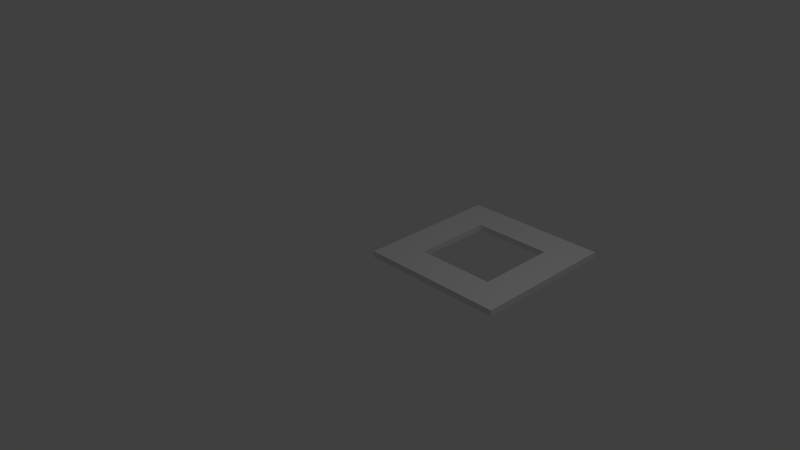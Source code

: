 # Source: hovering_grid.blend  (saved by Blender 2.75.0; exported with 4.5.12 LTS)
import bpy
from mathutils import Matrix  # noqa: F401  (used for matrix-valued properties, if any)

bpy.ops.wm.read_factory_settings(use_empty=True)
scene = bpy.context.scene
scene.name = 'Scene'

# ---- collections
col_collection_1 = bpy.data.collections.new('Collection 1'); scene.collection.children.link(col_collection_1)

# ---- materials (node trees are filled in below, after node groups)
mat_material = bpy.data.materials.new('Material')
mat_material.alpha_threshold = 0.0
mat_material.use_transparent_shadow = False
mat_material.roughness = 0.5
mat_material.line_color = (0.0, 0.0, 0.0, 1.0)

# ---- material node trees

# ---- world
world_world = bpy.data.worlds.new('World'); scene.world = world_world
world_world.color = (0.05088, 0.05088, 0.05088)
world_world.use_sun_shadow = False
world_world.sun_shadow_jitter_overblur = 0.0
world_world.cycles.sampling_method = 'MANUAL'
world_world.cycles.sample_map_resolution = 256

# ---- cameras
cam_camera = bpy.data.cameras.new('Camera')
cam_camera.clip_end = 100.0
cam_camera.lens = 35.0
cam_camera.sensor_width = 32.0
cam_camera.sensor_height = 18.0
cam_camera.ortho_scale = 7.314
cam_camera.dof.focus_distance = 0.0
cam_camera.dof.aperture_fstop = 128.0

# ---- lights
light_lamp = bpy.data.lights.new('Lamp', 'POINT')
light_lamp.transmission_factor = 0.0
light_lamp.cutoff_distance = 30.0
light_lamp.energy = 100.0
light_lamp.shadow_buffer_clip_start = 1.001
light_lamp.shadow_soft_size = 0.1
light_lamp.shadow_maximum_resolution = 0.006
light_lamp.use_absolute_resolution = True
light_lamp.cycles.use_multiple_importance_sampling = False

# ---- meshes
me_cube_001 = bpy.data.meshes.new('Cube.001')
me_cube_001.from_pydata([(-0.9976, -0.7126, -0.04072), (-0.9976, -0.9976, -0.04072), (-0.9976, -0.7126, 0.04072), (-0.9976, -0.9976, 0.04072), (-0.5433, -0.5433, -0.04072), (-0.7126, -0.9976, -0.04072), (0.5433, -0.5433, -0.04072), (0.7126, -0.9976, -0.04072), (-0.5433, -0.5433, 0.04072), (0.5433, -0.5433, 0.04072), (0.7126, -0.9976, 0.04072), (-0.7126, -0.9976, 0.04072), (0.9976, -0.7126, -0.04072), (0.9976, -0.9976, -0.04072), (0.9976, -0.7126, 0.04072), (0.9976, -0.9976, 0.04072), (-0.9976, 0.9976, 0.04072), (-0.9976, 0.9976, -0.04072), (-0.9976, 0.7126, -0.04072), (-0.9976, 0.7126, 0.04072), (-0.7126, 0.9976, 0.04072), (0.7126, 0.9976, 0.04072), (0.7126, 0.9976, -0.04072), (-0.7126, 0.9976, -0.04072), (-0.5433, 0.5433, 0.04072), (0.5433, 0.5433, 0.04072), (0.5433, 0.5433, -0.04072), (-0.5433, 0.5433, -0.04072), (0.9976, 0.9976, 0.04072), (0.9976, 0.9976, -0.04072), (0.9976, 0.7126, 0.04072), (0.9976, 0.7126, -0.04072)], [], [(0, 4, 5, 1), (4, 6, 7, 5), (8, 9, 6, 4), (10, 11, 5, 7), (11, 10, 9, 8), (6, 12, 13, 7), (3, 11, 8, 2), (10, 15, 14, 9), (20, 21, 22, 23), (24, 25, 21, 20), (23, 22, 26, 27), (27, 26, 25, 24), (17, 18, 19, 16), (19, 24, 20, 16), (25, 30, 28, 21), (17, 23, 27, 18), (22, 29, 31, 26), (23, 17, 16, 20), (27, 4, 0, 18), (24, 8, 4, 27), (2, 19, 18, 0), (19, 2, 8, 24), (22, 21, 28, 29), (30, 14, 12, 31), (25, 9, 14, 30), (31, 12, 6, 26), (26, 6, 9, 25), (5, 11, 3, 1), (0, 1, 3, 2), (30, 31, 29, 28), (10, 7, 13, 15), (12, 14, 15, 13)])
me_cube_001.materials.append(mat_material)
me_cube_001.use_remesh_preserve_volume = False
me_cube_001.use_remesh_preserve_attributes = False
me_cube_001.use_mirror_vertex_groups = False
me_cube_001.update()

# ---- objects
ob_grid_default = bpy.data.objects.new('Grid Default', me_cube_001)
ob_lamp = bpy.data.objects.new('Lamp', light_lamp)
ob_camera = bpy.data.objects.new('Camera', cam_camera)

# ---- transforms, parenting, visibility, modifiers, constraints
ob_grid_default.location = (1.0, 1.0, 0.0)
ob_grid_default.lock_rotations_4d = False
ob_grid_default.empty_display_type = 'ARROWS'
ob_grid_default.lineart.crease_threshold = 0.0
ob_lamp.location = (4.076, 1.005, 5.904)
ob_lamp.rotation_euler = (0.6503, 0.05522, 1.866)
ob_lamp.lock_rotations_4d = False
ob_lamp.empty_display_type = 'ARROWS'
ob_lamp.color = (0.0, 0.0, 0.0, 0.0)
ob_lamp.lineart.crease_threshold = 0.0
ob_camera.location = (7.481, -6.508, 5.344)
ob_camera.rotation_euler = (1.109, 0.01082, 0.8149)
ob_camera.lock_rotations_4d = False
ob_camera.empty_display_type = 'ARROWS'
ob_camera.color = (0.0, 0.0, 0.0, 0.0)
ob_camera.display_type = 'WIRE'
ob_camera.lineart.crease_threshold = 0.0

# ---- collection membership
col_collection_1.objects.link(ob_grid_default)
col_collection_1.objects.link(ob_lamp)
col_collection_1.objects.link(ob_camera)

# ---- scene / render settings (as saved in the file)
scene.camera = ob_camera
scene.frame_start = 1; scene.frame_end = 250; scene.frame_set(1)
scene.render.engine = 'BLENDER_EEVEE_NEXT'
scene.render.resolution_percentage = 50
scene.render.dither_intensity = 0.0
scene.cycles.use_denoising = False
scene.cycles.samples = 10
scene.cycles.sampling_pattern = 'TABULATED_SOBOL'
scene.cycles.light_sampling_threshold = 0.0
scene.cycles.use_adaptive_sampling = False
scene.cycles.use_light_tree = False
scene.cycles.blur_glossy = 0.0
scene.cycles.pixel_filter_type = 'GAUSSIAN'
scene.cycles.sample_clamp_indirect = 0.0
scene.view_settings.view_transform = 'Standard'
bpy.context.view_layer.update()

────

▶ [WHAT NEEDS TO BE DONE]: Give back exactly the lines of the listing above that run from the line with "ob_camera.color = (0.0, 0.0, 0.0, 0.0)" to the line with "scene.cycles.pixel_filter_type = 'GAUSSIAN'", inclusive.

▶ [WRITTEN RESPONSE]:
ob_camera.color = (0.0, 0.0, 0.0, 0.0)
ob_camera.display_type = 'WIRE'
ob_camera.lineart.crease_threshold = 0.0

# ---- collection membership
col_collection_1.objects.link(ob_grid_default)
col_collection_1.objects.link(ob_lamp)
col_collection_1.objects.link(ob_camera)

# ---- scene / render settings (as saved in the file)
scene.camera = ob_camera
scene.frame_start = 1; scene.frame_end = 250; scene.frame_set(1)
scene.render.engine = 'BLENDER_EEVEE_NEXT'
scene.render.resolution_percentage = 50
scene.render.dither_intensity = 0.0
scene.cycles.use_denoising = False
scene.cycles.samples = 10
scene.cycles.sampling_pattern = 'TABULATED_SOBOL'
scene.cycles.light_sampling_threshold = 0.0
scene.cycles.use_adaptive_sampling = False
scene.cycles.use_light_tree = False
scene.cycles.blur_glossy = 0.0
scene.cycles.pixel_filter_type = 'GAUSSIAN'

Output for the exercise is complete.